Kennesaw State University Associate English Professor Regina Bradley, Ph.D., Wins Georgia Writers Association’s Author of the Year Award

Dr. Bradley
 

KENNESAW, Ga. (Jun 28, 2022) — Regina Bradley, Ph.D., won the Georgia Author of the Year award in the essay category for her work titled, Chronicling Stankonia: The Rise of the Hip-Hop South. The Georgia Writers Association’s (GWA) Georgia Author of the Year Awards (GAYA) is the longest-running literary award in the Southeastern United States said KSU’s associate chair of the Department of English, Dr. Ralph Wilson. “The Department of English is very proud and happy to hear of Dr. Regina N. Bradley's latest accomplishment as a winner of the 58th Georgia Author of the Year Awards in the Essay Category,” said Wilson. “She is an extremely talented writer, and the recognition is well deserved.”

John Havard, chair of the English Department said, “Dr.

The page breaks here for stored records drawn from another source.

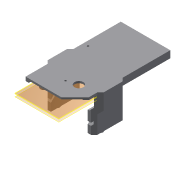
# Autodesk Inventor part: 05_Case_Bottom
Saved by Autodesk Inventor 2016 (Build 200138000, 138)
## iProperties
Created: 2016-11-09
Part Number: 05_Case_Bottom
Material: Generisch
Document SubType Name: Modeling
Designer: Bene
Density: 1 g/cm^3
Appearance: Vorgabe
Author: Bene
Autodesk Inventor part; units mm, degrees
ref_plane "YZ Plane" through (0, 0, 0) normal (1, 0, 0) x (0, 1, 0)
ref_plane "XZ Plane" through (0, 0, 0) normal (0, 1, 0) x (-1, 0, 0)
ref_plane "XY Plane" through (0, 0, 0) normal (0, 0, 1) x (1, 0, 0)
ref_plane "Arbeitsebene1" through (0, 0, 18) normal (0, 0, 1) x (1, 0, 0)
ref_plane "Arbeitsebene2" through (0, 0, 22) normal (0, 0, 1) x (1, 0, 0)
ref_plane "Arbeitsebene4" through (0, 0, 23) normal (0, 0, 1) x (1, 0, 0)
sketch "Skizze1" plane through (0, 0, 23) normal (0, 0, 1) x (1, 0, 0)
  circle A0 centre (13.9714, 39.0775) radius 3.5 construction
  circle A1 centre (-22.5286, -44.9225) radius 3.5 construction
  circle A2 centre (-34.0286, 36.0775) radius 1.5 construction
  circle A3 centre (-4.5286, -28.9225) radius 1.5 construction
  line L0 (5.4714, -49.9225) -> (-36.5286, -49.9225) construction
  line L1 (-36.5286, -49.9225) -> (-36.5286, 73.0775) construction
  line L2 (-36.5286, 73.0775) -> (26.4714, 73.0775) construction
  line L3 (26.4714, 73.0775) -> (26.4714, -28.9225) construction
  line L4 (26.4714, -28.9225) -> (5.4714, -49.9225) construction
  line L5 (-41.5286, -54.9225) -> (7.5424, -54.9225)
  line L6 (7.5424, -54.9225) -> (31.4714, -30.9936)
  line L7 (31.4714, -30.9936) -> (31.4714, 78.0775)
  line L8 (31.4714, 78.0775) -> (-41.5286, 78.0775)
  line L9 (-41.5286, 78.0775) -> (-41.5286, -54.9225)
  dimension "d119" = 5
  constraints: 10 end point, 4 other
  measures "d119" distance between parallel lines of L0 L5
extrude "Extrusion1" add sketch "Skizze1" along normal blind 2
sketch "Skizze2" plane through (0, 0, 23) normal (0, 0, -1) x (-1, 0, 0)
  circle A0 centre (34.0286, 36.0775) radius 3.5
  circle A1 centre (4.5286, -28.9225) radius 3.5
  circle A2 centre (-13.9714, 39.0775) radius 4.5
  circle A3 centre (22.5286, -44.9225) radius 5.5
  circle A4 centre (-13.9714, 39.0775) radius 3.5 construction
  circle A5 centre (22.5286, -44.9225) radius 3.5 construction
  circle A6 centre (34.0286, 36.0775) radius 1.5 construction
  circle A7 centre (4.5286, -28.9225) radius 1.5 construction
  line L0 (-5.4714, -49.9225) -> (36.5286, -49.9225) construction
  line L1 (36.5286, -49.9225) -> (36.5286, 73.0775) construction
  line L2 (36.5286, 73.0775) -> (-26.4714, 73.0775) construction
  line L3 (-26.4714, 73.0775) -> (-26.4714, -28.9225) construction
  line L4 (-26.4714, -28.9225) -> (-5.4714, -49.9225) construction
  point P0 (0, 0)
  dimension "d30" = 54
  constraints: 4 centre point, 2 coincident
ref_plane "Arbeitsebene3" through (-30.2899, -72.9225, 0) normal (0, 0, 1) x (1, 0, 0)
extrude "Extrusion2" add sketch "Skizze2" along normal blind 4
sketch "Skizze3" plane through (0, 0, 25) normal (0, 0, 1) x (1, 0, 0)
  circle A0 centre (13.9714, 39.0775) radius 4.5 construction
  circle A1 centre (-22.5286, -44.9225) radius 5.5 construction
  circle A2 centre (-4.5286, -28.9225) radius 3.5 construction
  circle A3 centre (-34.0286, 36.0775) radius 3.5 construction
  line L0 (-41.5286, -54.9225) -> (7.5424, -54.9225) construction
  line L1 (-41.5286, 78.0775) -> (-41.5286, -54.9225) construction
  line L2 (31.4714, 78.0775) -> (-41.5286, 78.0775) construction
  line L3 (31.4714, -30.9936) -> (31.4714, 78.0775) construction
  line L4 (7.5424, -54.9225) -> (31.4714, -30.9936) construction
  circle A4 centre (11.4714, -23.9225) radius 4.0524 construction
  circle A5 centre (-4.5286, -28.9225) radius 1.5
  circle A6 centre (-34.0286, 36.0775) radius 1.5
  circle A7 centre (11.4714, -23.9225) radius 4.0524 construction
  circle A8 centre (11.4714, -23.9225) radius 4.0524
  point P0 (0, 0)
  dimension "d123" = 2
  dimension "d124" = 2
  constraints: 4 centre point, 2 coincident, 1 concentric
  measures "d123" radial gap between concentric circles of A2 A5
  measures "d124" radial gap between concentric circles of A3 A6
extrude "Extrusion3" cut sketch "Skizze3" against normal through all
sketch "Skizze6" plane through (0, 0, 25) normal (0, 0, 1) x (1, 0, 0)
  line L0 (-41.5286, 78.0775) -> (-41.5286, -54.9225) construction
  circle A0 centre (-34.0286, 36.0775) radius 1.5 construction
  circle A1 centre (-4.5286, -28.9225) radius 1.5 construction
  circle A2 centre (11.4714, -23.9225) radius 4.0524 construction
  line L1 (-41.5286, -54.9225) -> (7.5424, -54.9225) construction
  line L2 (7.5424, -54.9225) -> (31.4714, -30.9936) construction
  line L3 (31.4714, -30.9936) -> (31.4714, 78.0775) construction
  line L4 (31.4714, 78.0775) -> (-41.5286, 78.0775) construction
  line L5 (-41.5286, 78.0775) -> (-41.5286, -54.9225) construction
  line L6 (31.4714, 78.0775) -> (-41.5286, 78.0775) construction
  line L7 (-41.5286, 78.0775) -> (-41.5286, 95.0775) construction
  line L8 (-41.5286, 95.0775) -> (31.4714, 95.0775) construction
  line L9 (31.4714, 95.0775) -> (31.4714, 78.0775) construction
  line L10 (31.4714, 95.0775) -> (31.4714, -30.9936)
  line L11 (31.4714, -30.9936) -> (31.4714, 78.0775) projected
  line L12 (31.4714, -30.9936) -> (7.5424, -54.9225)
  line L13 (-41.5286, -54.9225) -> (7.5424, -54.9225) projected
  line L14 (7.5424, -54.9225) -> (-41.5286, -54.9225)
  line L15 (-41.5286, -54.9225) -> (-41.5286, 95.0775)
  line L16 (-41.5286, 95.0775) -> (31.4714, 95.0775)
  circle A3 centre (11.4714, -23.9225) radius 4.0524 projected
  circle A4 centre (-34.0286, 36.0775) radius 1.5 projected
  circle A5 centre (-4.5286, -28.9225) radius 1.5 projected
  constraints: 18 end point, 3 perpendicular, 2 horizontal, 2 parallel, 1 vertical
extrude "Extrusion6" add sketch "Skizze6" along normal blind 4
sketch "Skizze7" plane through (0, 0, 29) normal (0, 0, 1) x (1, 0, 0)
  line L0 (-41.5286, -54.9225) -> (7.5424, -54.9225) construction
  line L1 (7.5424, -54.9225) -> (31.4714, -30.9936) construction
  line L2 (31.4714, -30.9936) -> (31.4714, 95.0775) construction
  line L3 (31.4714, 95.0775) -> (-41.5286, 95.0775) construction
  line L4 (-41.5286, 95.0775) -> (-41.5286, -54.9225) construction
  line L5 (36.4714, 100.0775) -> (36.4714, -33.0647) construction
  line L6 (36.4714, -33.0647) -> (9.6135, -59.9225) construction
  line L7 (9.6135, -59.9225) -> (-46.5286, -59.9225) construction
  line L8 (-46.5286, -59.9225) -> (-46.5286, 100.0775) construction
  line L9 (-46.5286, 100.0775) -> (36.4714, 100.0775) construction
  line L10 (31.4714, 95.0775) -> (-41.5286, 95.0775) projected
  line L11 (31.4714, 95.0775) -> (36.4714, 95.0775)
  line L12 (36.4714, 95.0775) -> (36.4714, -33.0647)
  line L13 (36.4714, -33.0647) -> (14.6135, -54.9225)
  line L14 (7.5424, -54.9225) -> (31.4714, -30.9936) projected
  line L15 (7.5424, -54.9225) -> (14.6135, -54.9225)
  line L16 (31.4714, -30.9936) -> (31.4714, 95.0775) projected
  line L17 (31.4714, -30.9936) -> (31.4714, 95.0775)
  dimension "d129" = 5
  constraints: 20 end point, 3 perpendicular, 2 point on line, 1 vertical, 4 other
  measures "d129" distance between parallel lines of L2 L5
extrude "Extrusion7" add sketch "Skizze7" against normal up to surface (4 mm away)
sketch "Skizze8" plane through (0, 0, 25) normal (0, 0, -1) x (-1, 0, 0)
  line L0 (-31.4714, 78.0775) -> (41.5286, 78.0775) construction
  line L1 (41.5286, 95.0775) -> (41.5286, 78.0775) construction
  line L2 (-31.4714, -30.9936) -> (-31.4714, 78.0775) construction
  line L3 (-31.4714, 78.0775) -> (41.5286, 78.0775) construction
  line L4 (-36.4714, 95.0775) -> (-28.4714, 95.0775)
  line L5 (-28.4714, 95.0775) -> (-28.4714, 78.0775)
  line L6 (-28.4714, 78.0775) -> (-36.4714, 78.0775)
  line L7 (-36.4714, 78.0775) -> (-36.4714, 95.0775)
  line L8 (-31.4714, 95.0775) -> (41.5286, 95.0775) construction
  line L9 (24.5286, 95.0775) -> (16.5286, 95.0775)
  line L10 (16.5286, 95.0775) -> (16.5286, 78.0775)
  line L11 (16.5286, 78.0775) -> (24.5286, 78.0775)
  line L12 (24.5286, 78.0775) -> (24.5286, 95.0775)
  line L13 (-31.4714, 95.0775) -> (41.5286, 95.0775) projected
  line L14 (-36.4714, 95.0775) -> (-36.4714, -33.0647) projected
  line L15 (-36.4714, -33.0647) -> (-14.6135, -54.9225) projected
  line L16 (-14.6135, -54.9225) -> (-7.5424, -54.9225) projected
  line L17 (-31.4714, -30.9936) -> (-7.5424, -54.9225) projected
  line L18 (-31.4714, 95.0775) -> (-36.4714, 95.0775) projected
  line L19 (-36.4714, 78.0775) -> (-28.4714, 78.0775)
  line L20 (-28.4714, 78.0775) -> (-28.4714, 74.0775)
  line L21 (-28.4714, 74.0775) -> (-36.4714, 74.0775)
  line L22 (-36.4714, 74.0775) -> (-36.4714, 78.0775)
  line L23 (16.5286, 78.0775) -> (24.5286, 78.0775)
  line L24 (24.5286, 78.0775) -> (24.5286, 74.0775)
  line L25 (24.5286, 74.0775) -> (16.5286, 74.0775)
  line L26 (16.5286, 74.0775) -> (16.5286, 78.0775)
  dimension "d126" = 8
  dimension "d127" = 8
  dimension "d128" = 45
  dimension "d225" = 4
  dimension "d226" = 4
  constraints: 32 end point, 8 parallel, 4 horizontal, 4 perpendicular, 3 point on line
  measures "d126" distance of L5.end L6.end
  measures "d127" distance of L11.end L10.end
  measures "d128" distance between parallel lines of L5 L10
  measures "d225" distance of L19.end L20.end
  measures "d226" distance of L23.end L24.end
ref_plane "Arbeitsebene5" through (-15.0286, 71.0775, -46) normal (0, 0, -1) x (0, 1, 0)
extrude "Extrusion8" add sketch "Skizze8" along normal blind 54 contours L12 L11 L10 L9 | L24 L25 L26 L11
sketch "Skizze12" plane through (0, 0, 29) normal (0, 0, 1) x (1, 0, 0)
  line L0 (36.4714, 20.0775) -> (32.077, 20.0775)
  line L1 (26.4714, 16.5537) -> (26.4714, -14.9225)
  line L2 (26.4714, -14.9225) -> (36.4714, -14.9225)
  line L3 (36.4714, -14.9225) -> (36.4714, 20.0775)
  line L4 (-41.5286, -14.9225) -> (-31.5286, -14.9225)
  line L5 (-31.5286, -14.9225) -> (-31.5286, 20.0775)
  line L6 (-31.5286, 20.0775) -> (-41.5286, 20.0775)
  line L7 (-41.5286, 20.0775) -> (-41.5286, -14.9225)
  line L8 (26.4714, 16.5537) -> (33.4714, 16.5537)
  line L9 (33.4714, 16.5537) -> (33.4714, 12.5537)
  line L10 (33.4714, 12.5537) -> (26.4714, 12.5537)
  line L11 (26.4714, 12.5537) -> (26.4714, 16.5537)
  line L12 (-31.5286, 16.5537) -> (-39.0481, 16.5537)
  line L13 (-39.0481, 16.5537) -> (-39.0481, 12.5537)
  line L14 (-39.0481, 12.5537) -> (-31.5286, 12.5537)
  line L15 (-31.5286, 12.5537) -> (-31.5286, 16.5537)
  line L16 (-30.5286, 13.0775) -> (19.4714, 13.0775) construction
  line L17 (-30.5286, 16.0775) -> (-30.5286, 13.0775) construction
  line L18 (19.4714, 16.0775) -> (-30.5286, 16.0775) construction
  line L19 (19.4714, 16.0775) -> (19.4714, 13.0775) construction
  line L20 (33.4714, 16.5537) -> (32.077, 20.0775)
  line L21 (-41.5286, -14.9225) -> (-31.5286, -14.9225)
  line L22 (-31.5286, -14.9225) -> (-31.5286, -24.9225)
  line L23 (-31.5286, -24.9225) -> (-41.5286, -24.9225)
  line L24 (-41.5286, -24.9225) -> (-41.5286, -14.9225)
  line L25 (26.4714, -14.9225) -> (36.4714, -14.9225)
  line L26 (36.4714, -14.9225) -> (36.4714, -24.9225)
  line L27 (36.4714, -24.9225) -> (26.4714, -24.9225)
  line L28 (26.4714, -24.9225) -> (26.4714, -14.9225)
  dimension "d43" = 10
  dimension "d45" = 10
  dimension "d46" = 7
  dimension "d50" = 35
  dimension "d51" = 0
  dimension "d130" = 35
  dimension "d131" = 4
  dimension "d132" = 4
  dimension "d133" = 4
  dimension "d200" = 10
  dimension "d201" = 10
  dimension "d202" = 10
  dimension "d203" = 10
  constraints: 50 end point, 12 parallel, 6 horizontal, 6 perpendicular, 2 point on line
  measures "d43" distance of L2.end L1.end
  measures "d45" distance of L6.end L5.end
  measures "d46" distance of L9.end L10.end
  measures "d50" distance between parallel lines of L4 L6
  measures "d51" distance between parallel lines of L2 L4
  measures "d130" distance between parallel lines of L2 L0
  measures "d131" distance between parallel lines of L6 L18
  measures "d132" distance between parallel lines of L10 L8
  measures "d133" distance between parallel lines of L14 L12
  measures "d200" distance of L22.end L23.end
  measures "d201" distance of L21.end L22.end
  measures "d202" distance of L26.end L27.end
  measures "d203" distance of L25.end L26.end
extrude "Extrusion11" add sketch "Skizze12" against normal up to surface (58 mm away) contours L3 L2 L1 L10 L9 L20 L0 | L26 L27 L28 L2 | L7 L6 L5 L12 L13 L14 L4 | L4 L22 L23 L24
sketch "Skizze15" plane through (-31.5286, -14.9225, -29) normal (1, 0, 0) x (0, 0, -1)
  line L0 (-43.1951, 17.3667) -> (-41.7809, 18.7809) construction
  line L1 (-41.7809, 18.7809) -> (-12.0824, -10.9176) construction
  line L2 (-12.0824, -10.9176) -> (-13.4966, -12.3318) construction
  line L3 (-13.4966, -12.3318) -> (-43.1951, 17.3667) construction
  line L4 (-43.9022, 17.3667) -> (-41.7809, 19.488)
  line L5 (-41.7809, 19.488) -> (-11.3753, -10.9176)
  line L6 (-11.3753, -10.9176) -> (-13.4966, -13.0389)
  line L7 (-13.4966, -13.0389) -> (-43.9022, 17.3667)
  line L8 (-28.8151, 6.5222) -> (-30.9364, 4.4008)
  dimension "d134" = 0.5
  constraints: 10 end point, 2 point on line, 1 perpendicular, 3 other
  measures "d134" distance between parallel lines of L3 L7
ref_plane "Arbeitsebene6" through (-39.5286, -47.0381, -39.7014) normal (-1, 0, 0) x (0, 0, 1)
extrude "Extrusion21" cut sketch "Skizze15" along normal blind 65 and the other way blind 7 contours L8 L5 L6 L7
sketch "Skizze26" plane through (-31.5286, -14.9225, -29) normal (0, 0, -1) x (-1, 0, 0)
  line L0 (7.5194, 27.4762) -> (7.5194, 31.4762) projected
  line L1 (0, 27.4762) -> (7.5194, 27.4762) projected
  line L2 (10, 35) -> (10, -10) projected
  line L3 (0, 35) -> (10, 35) projected
  line L4 (0, 31.4762) -> (0, 35) projected
  line L5 (7.5194, 31.4762) -> (0, 31.4762) projected
  line L6 (-7, 110) -> (-15, 110) projected
  line L7 (-15, 110) -> (-15, 89) projected
  line L8 (-7, 89) -> (-7, 110) projected
  circle A0 centre (-11, 105) radius 3.2 projected
  line L9 (-65, 27.4762) -> (-58, 27.4762) projected
  line L10 (-65, 31.4762) -> (-65, 27.4762) projected
  line L11 (-58, 27.4762) -> (-58, -10) projected
  line L12 (-68, 35) -> (-63.6057, 35) projected
  line L13 (-68, -10) -> (-68, 35) projected
  circle A1 centre (5, 5) radius 4
  circle A2 centre (-63, 5) radius 4
  circle A3 centre (-11, 105) radius 3
  line L14 (-63.6057, 35) -> (-65, 31.4762) projected
  line L15 (-58, -10) -> (-68, -10) projected
  line L16 (0, -10) -> (0, 27.4762) projected
  line L17 (10, -10) -> (0, -10) projected
  line L18 (-15, 89) -> (-7, 89) projected
  point P0 (-31.5286, 14.9225)
  dimension "d142" = 8
  dimension "d143" = 8
  dimension "d144" = 5
  dimension "d149" = 6
  dimension "d152" = 5
  dimension "d153" = 4
  constraints: 3 centre point
  measures "d142" diameter of A1
  measures "d143" diameter of A2
  measures "d144" distance from line of A2.centre L13
  measures "d149" diameter of A3
  measures "d152" distance from line of A3.centre L6
  measures "d153" distance from line of A3.centre L7
extrude "Extrusion22" add sketch "Skizze26" along normal blind 2 contours A1 | A2 | A3
sketch "Skizze27" plane through (0, 0, -29) normal (0, 0, -1) x (-1, 0, 0)
  line L0 (24.5286, 95.0775) -> (16.5286, 95.0775) projected
  line L1 (16.5286, 95.0775) -> (16.5286, 74.0775) projected
  line L2 (24.5286, 74.0775) -> (24.5286, 95.0775) projected
  circle A0 centre (-32.4714, 90.0775) radius 3 projected
  line L3 (-28.4714, 95.0775) -> (-36.4714, 95.0775) projected
  line L4 (-36.4714, 95.0775) -> (-36.4714, 74.0775) projected
  line L5 (-28.4714, 74.0775) -> (-28.4714, 95.0775) projected
  circle A1 centre (36.5286, -9.9225) radius 4 projected
  circle A2 centre (-31.4714, -9.9225) radius 4 projected
  circle A3 centre (-227.2996, 545.8056) radius 1.75
  circle A4 centre (-32.4714, 79.0775) radius 1.75
  circle A5 centre (20.5286, 79.0775) radius 1.75
  line L6 (38.5286, -8.4004) -> (-33.4714, -8.4004) projected
  circle A6 centre (-31.4714, 7.5537) radius 1.75
  line L7 (-33.4714, 12.5537) -> (-26.4714, 12.5537) projected
  circle A7 centre (36.5286, 9.3037) radius 1.75
  circle A8 centre (-32.4714, 79.0775) radius 2.25 projected
  circle A9 centre (20.5286, 79.0775) radius 2.25 projected
  line L8 (-36.4714, 74.0775) -> (-28.4714, 74.0775) projected
  line L9 (16.5286, 74.0775) -> (24.5286, 74.0775) projected
  point P0 (0, 0)
  point P1 (31.5286, -8.4004)
  dimension "d156" = 3.5
  dimension "d157" = 3.5
  dimension "d159" = 3.5
  dimension "d161" = 3.5
  dimension "d162" = 5
  dimension "d163" = 3.5
  dimension "d192" = 4
  dimension "d193" = 4
  dimension "d223" = 0
  dimension "d224" = 0
  constraints: 5 centre point
  measures "d156" diameter of A3
  measures "d157" diameter of A4
  measures "d159" diameter of A5
  measures "d161" diameter of A6
  measures "d162" distance from line of A6.centre L7
  measures "d163" diameter of A7
  measures "d192" distance from line of A5.centre L1
  measures "d193" distance from line of A4.centre L4
  measures "d223" distance of A8.centre A4.centre
  measures "d224" distance of A9.centre A5.centre
extrude "Extrusion23" cut sketch "Skizze27" against normal blind 15 contours A4 | A5 | A6 | A7
sketch "Skizze29" plane through (0, 0, 25) normal (0, 0, -1) x (-1, 0, 0)
  line L0 (-36.4714, 20.0775) -> (-32.077, 20.0775) projected
  line L1 (-31.4714, -30.9936) -> (-31.4714, -24.9225) projected
  line L2 (-36.4714, 95.0775) -> (-36.4714, 20.0775) projected
  line L3 (-36.4714, -33.0647) -> (-14.6135, -54.9225) projected
  line L4 (-14.6135, -54.9225) -> (-7.5424, -54.9225) projected
  line L5 (-31.4714, -30.9936) -> (-7.5424, -54.9225) projected
  line L6 (-33.4714, 12.5537) -> (-31.4714, 12.5537) projected
  line L7 (-32.077, 20.0775) -> (-33.4714, 16.5537) projected
  line L8 (-33.4714, 16.5537) -> (-33.4714, 12.5537) projected
  line L9 (-31.4714, -24.9225) -> (-36.4714, -24.9225) projected
  line L10 (-36.4714, -24.9225) -> (-36.4714, -33.0647) projected
  line L11 (-31.4714, 12.5537) -> (-31.4714, 78.0775) projected
  line L12 (-31.4714, 78.0775) -> (16.5286, 78.0775) projected
  line L13 (16.5286, 78.0775) -> (16.5286, 95.0775) projected
  line L14 (-31.4714, 95.0775) -> (16.5286, 95.0775) projected
  line L15 (-31.4714, 95.0775) -> (-36.4714, 95.0775) projected
  point P0 (0, 0)
extrude "Extrusion25" add sketch "Skizze29" along normal blind 7 contours L2 L15 L14 L13 L12 L11 L6 L8 L7 L0
sketch "Skizze31" plane through (0, 0, 29) normal (0, 0, 1) x (1, 0, 0)
  line L0 (-41.5286, -14.9225) -> (-46.5286, -14.9225)
  line L1 (-46.5286, -14.9225) -> (-46.5286, 20.0775)
  line L2 (-46.5286, 20.0775) -> (-41.5286, 20.0775)
  line L3 (-41.5286, 20.0775) -> (-41.5286, -14.9225)
  line L4 (36.4714, -14.9225) -> (41.4714, -14.9225)
  line L5 (41.4714, -14.9225) -> (41.4714, 20.0775)
  line L6 (41.4714, 20.0775) -> (36.4714, 20.0775)
  line L7 (36.4714, 20.0775) -> (36.4714, -14.9225)
  point P0 (0, 0)
  point P1 (-41.5286, 20.0775)
  point P2 (36.4714, 20.0775)
  dimension "d178" = 5
  dimension "d179" = 5
  constraints: 16 end point, 4 parallel, 2 horizontal, 2 perpendicular, 1 point on line
  measures "d178" distance of L1.end L2.end
  measures "d179" distance of L6.end L5.end
extrude "Extrusion27" add sketch "Skizze31" against normal blind 25
chamfer "Fase6" distance 5 angle 45 12 edges at (-41.5286, 2.5775, 4) (36.4714, 2.5775, 4) (-24.5286, 86.5775, 25) (36.4714, -14.9225, 14.5) (36.4714, -14.9225, 27) (36.4714, -24.9225, -2) (-41.5286, -14.9225, 13.5) (-41.5286, -14.9225, 24) (-41.5286, -14.9225, 27) (-41.5286, -24.9225, -3) (-46.5286, 20.0775, 16.5) (41.4714, 20.0775, 16.5)
sketch "Skizze34" plane through (26.4714, -24.9225, -29) normal (0, -1, 0) x (1, 0, 0)
  line L0 (5, 12.2929) -> (0, 12.2929) construction
  line L1 (0, 12.2929) -> (0, 0) construction
  line L2 (0, 0) -> (5, 0) construction
  line L3 (0, 52) -> (5, 52) construction
  line L4 (0, 52) -> (0, 16.5356) construction
  line L5 (0, 16.5356) -> (5, 16.5356) construction
  line L6 (-58, 12.2929) -> (-63, 12.2929) construction
  line L7 (-63, 16.5356) -> (-58, 16.5356) construction
  line L8 (-58, 52) -> (-58, 16.5356) construction
  line L9 (-63, 52) -> (-58, 52) construction
  line L10 (-63, 0) -> (-58, 0) construction
  line L11 (-58, 12.2929) -> (-58, 0) construction
  line L12 (7.5, 52) -> (-63, 52)
  line L13 (-63, 52) -> (-63, 32)
  line L14 (-63, 32) -> (7.5, 32)
  line L15 (7.5, 32) -> (7.5, 52)
  line L16 (5, 12.2929) -> (5, 0) projected
  line L17 (5, 52) -> (5, 16.5356) projected
  line L18 (-63, 16.5356) -> (-63, 52) projected
  line L19 (-63, 0) -> (-63, 12.2929) projected
  point P0 (-26.4714, 29)
  dimension "d206" = 20
  constraints: 8 end point, 2 parallel, 1 horizontal, 1 perpendicular, 1 point on line
  measures "d206" distance between parallel lines of L12 L14
extrude "Extrusion30" cut sketch "Skizze34" against normal up to surface (45 mm away)
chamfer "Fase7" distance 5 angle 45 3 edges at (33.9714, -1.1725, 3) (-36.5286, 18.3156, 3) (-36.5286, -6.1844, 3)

Bradley is among the most notable scholars in the new southern studies, doing work that deftly defies boundaries between literary and popular culture.”  First presented in 1964, the awards celebrate “the best literature by Georgia writers.” The Georgia Writers Association has managed the GAYA event since 1994. Held virtually in 2022, the event honored winners and finalists from 113 nominees in 14 categories. The awards presentation is available on YouTube and the GWA website in its entirety. “As an author with deep insight into Georgia culture, she is an ideal recipient for a Georgia Author of the Year Award. Dr. Bradley and her work represent some of the best the English Department has to offer: creativity, solid scholarship, and social and community engagement,” Dr. Havard added.

Literary judge Megan Volpert said of Bradley’s essay, “Bradley is a defining voice of the new south—an engrossing one that blends academic analytical chops with the personal narrative of lived experience as a Black woman who grew up after the civil rights movement. Her argument, that hip-hop culture since the Eighties represents concerns and methodologies of the next wave of contemporary southern Black identities, is clear and persuasive and without alternatives.”  She went on to say, “Chronicling Stankonia begins with a close philosophical reading of Outkast and ends with an exhortation to invigorate cultural studies through attention to the popular arts and letters made by Black southerners.”

Regina N. Bradley is Associate Professor of English and African Diaspora Studies at Kennesaw State University in Kennesaw, GA. Her research interests include southern hip hop, the contemporary Black American South, race and sound studies, and southern studies. Bradley’s award-winning essay is based on her book of the same title published by the UNC Press. Dr. Bradley recently completed a semester as a Harvard Research Fellow in Spring 2022 and will be teaching at KSU in the fall.